Seelisch bedingten Ursachen
Ereignisse im schulischen Umfeld wie Lehrerwechsel, Umstellung in der Lehrmethode oder im familiären Umfeld, zum Beispiel Scheidung, Streit in der Familie, könnten ebenfalls Ursache für Lese- und Schreib-Probleme sein oder diese noch verstärken. Familiäre Probleme können bei Kindern zu massiven Depressionen führen, die ihre Schwächen auslösen. Seelische Faktoren werden häufig noch weniger ernst genommen. Oft wirken die Kinder nach außen nicht unbedingt traurig.

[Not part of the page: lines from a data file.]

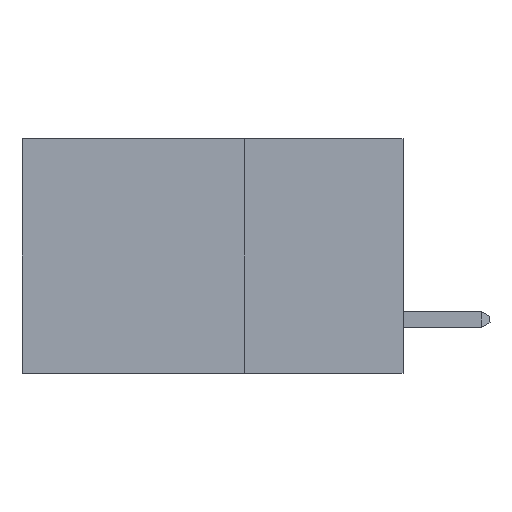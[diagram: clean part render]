
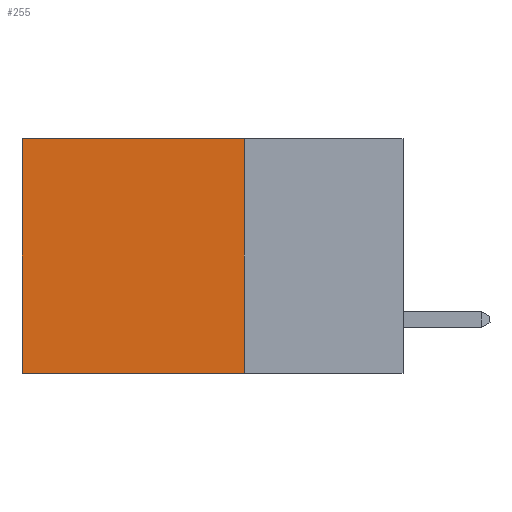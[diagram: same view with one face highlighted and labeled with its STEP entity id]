
A CAD part, left-side view. The second image highlights one B-rep face of the part: STEP entity #255.
In plain terms, the highlighted planar face has unit normal (-1, 0, 0).
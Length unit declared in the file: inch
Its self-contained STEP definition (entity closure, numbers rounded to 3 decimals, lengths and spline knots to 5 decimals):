
#255 = ADVANCED_FACE ( 'NONE', ( #23287 ), #3025, .F. ) ;
#372 = VERTEX_POINT ( 'NONE', #2298 ) ;
#641 = ORIENTED_EDGE ( 'NONE', *, *, #7413, .T. ) ;
#2214 = DIRECTION ( 'NONE',  ( 0., 0., -1. ) ) ;
#2298 = CARTESIAN_POINT ( 'NONE',  ( 0.2875, 0.6, 0. ) ) ;
#2327 = DIRECTION ( 'NONE',  ( 1., 0., 0. ) ) ;
#2385 = VERTEX_POINT ( 'NONE', #16739 ) ;
#2753 = CARTESIAN_POINT ( 'NONE',  ( 0.2875, 0.25, 0. ) ) ;
#3025 = PLANE ( 'NONE',  #21409 ) ;
#3376 = ORIENTED_EDGE ( 'NONE', *, *, #24082, .T. ) ;
#3674 = EDGE_CURVE ( 'NONE', #10249, #6359, #25840, .T. ) ;
#4558 = VECTOR ( 'NONE', #5016, 39.37008 ) ;
#4797 = CARTESIAN_POINT ( 'NONE',  ( 0.2875, 0.6, -0.37 ) ) ;
#5016 = DIRECTION ( 'NONE',  ( 0., 1., 0. ) ) ;
#5552 = EDGE_LOOP ( 'NONE', ( #641, #25542, #6330, #3376 ) ) ;
#6180 = CARTESIAN_POINT ( 'NONE',  ( 0.2875, 0.25, -0.37 ) ) ;
#6330 = ORIENTED_EDGE ( 'NONE', *, *, #24778, .F. ) ;
#6359 = VERTEX_POINT ( 'NONE', #4797 ) ;
#7413 = EDGE_CURVE ( 'NONE', #372, #6359, #18597, .T. ) ;
#8373 = DIRECTION ( 'NONE',  ( 0., 0., -1. ) ) ;
#9009 = VECTOR ( 'NONE', #20287, 39.37008 ) ;
#9651 = DIRECTION ( 'NONE',  ( 0., 1., 0. ) ) ;
#10249 = VERTEX_POINT ( 'NONE', #6180 ) ;
#10997 = CARTESIAN_POINT ( 'NONE',  ( 0.2875, 0.25, 0. ) ) ;
#12357 = CARTESIAN_POINT ( 'NONE',  ( 0.2875, 0.25, -0.37 ) ) ;
#13299 = VECTOR ( 'NONE', #8373, 39.37008 ) ;
#16739 = CARTESIAN_POINT ( 'NONE',  ( 0.2875, 0.25, 0. ) ) ;
#18308 = CARTESIAN_POINT ( 'NONE',  ( 0.2875, 0.25, 0. ) ) ;
#18427 = CARTESIAN_POINT ( 'NONE',  ( 0.2875, 0.6, 0. ) ) ;
#18597 = LINE ( 'NONE', #18427, #13299 ) ;
#19705 = LINE ( 'NONE', #18308, #9009 ) ;
#20287 = DIRECTION ( 'NONE',  ( 0., 0., -1. ) ) ;
#20591 = VECTOR ( 'NONE', #9651, 39.37008 ) ;
#21409 = AXIS2_PLACEMENT_3D ( 'NONE', #2753, #2327, #2214 ) ;
#23287 = FACE_OUTER_BOUND ( 'NONE', #5552, .T. ) ;
#24082 = EDGE_CURVE ( 'NONE', #2385, #372, #25881, .T. ) ;
#24778 = EDGE_CURVE ( 'NONE', #2385, #10249, #19705, .T. ) ;
#25542 = ORIENTED_EDGE ( 'NONE', *, *, #3674, .F. ) ;
#25840 = LINE ( 'NONE', #12357, #20591 ) ;
#25881 = LINE ( 'NONE', #10997, #4558 ) ;

Komplexe geistige Vorgänge bewirken die Fähigkeit zum Lesen, Schreiben und auch Rechnen. Starke Ängste und Stress können diese Lernprozesse negativ beeinflussen. Wer aufgeregt ist, sich unter Druck gesetzt fühlt oder Belastungen zu tragen hat, lernt schlechter oder kann das Gelernte nicht oder nur schlecht wiedergeben. Wer aufgeregt ist, macht außerdem mehr Fehler.
In einigen Familien verursachen Erziehungsmethoden die Leistungsblockade. Ängste und Stress können entstehen, wenn Eltern zu hohe Erwartungen an das Kind stellen. Es kann den Ansprüchen nicht gerecht werden, möchte seine Eltern aber auch nicht enttäuschen. Einige Eltern bestrafen ihre Kinder sogar für schlechte Noten. Kein Wunder, dass Kinder die Freude an der Schule verlieren und immer weniger leisten können.
Die betroffenen Kinder bemerken ihre Lern- oder Leistungsschwäche selbst. Wenn Eltern, Lehrer und Klassenkameraden ihnen das Gefühl geben, dumm oder faul zu sein, fühlen sie sich oft sehr verletzt, ihr Selbstvertrauen löst sich auf, sie fühlen sich als Versager. Sie entwickeln richtige Schulphobien. Die Kinder haben Horror vor Klassenarbeiten oder beteiligen sich nicht am Unterricht, weil sie denken, sie würden sich blamieren. Viel werden aus Furcht zur Schule zu müssen richtig krank – bekommen Kopf- oder Bauchschmerzen – oder schwänzen einfach die Schule.
Natürlich können die Schwächen auch selbst die Ursachen für Stress, Ängste und Depressionen sein. Oft lässt sich nicht mehr sagen, ob die psychischen Belastungen die Lern- oder Leistungsstörungen verursachen oder ob die Schulprobleme die seelischen Störungen erst hervorgerufen haben.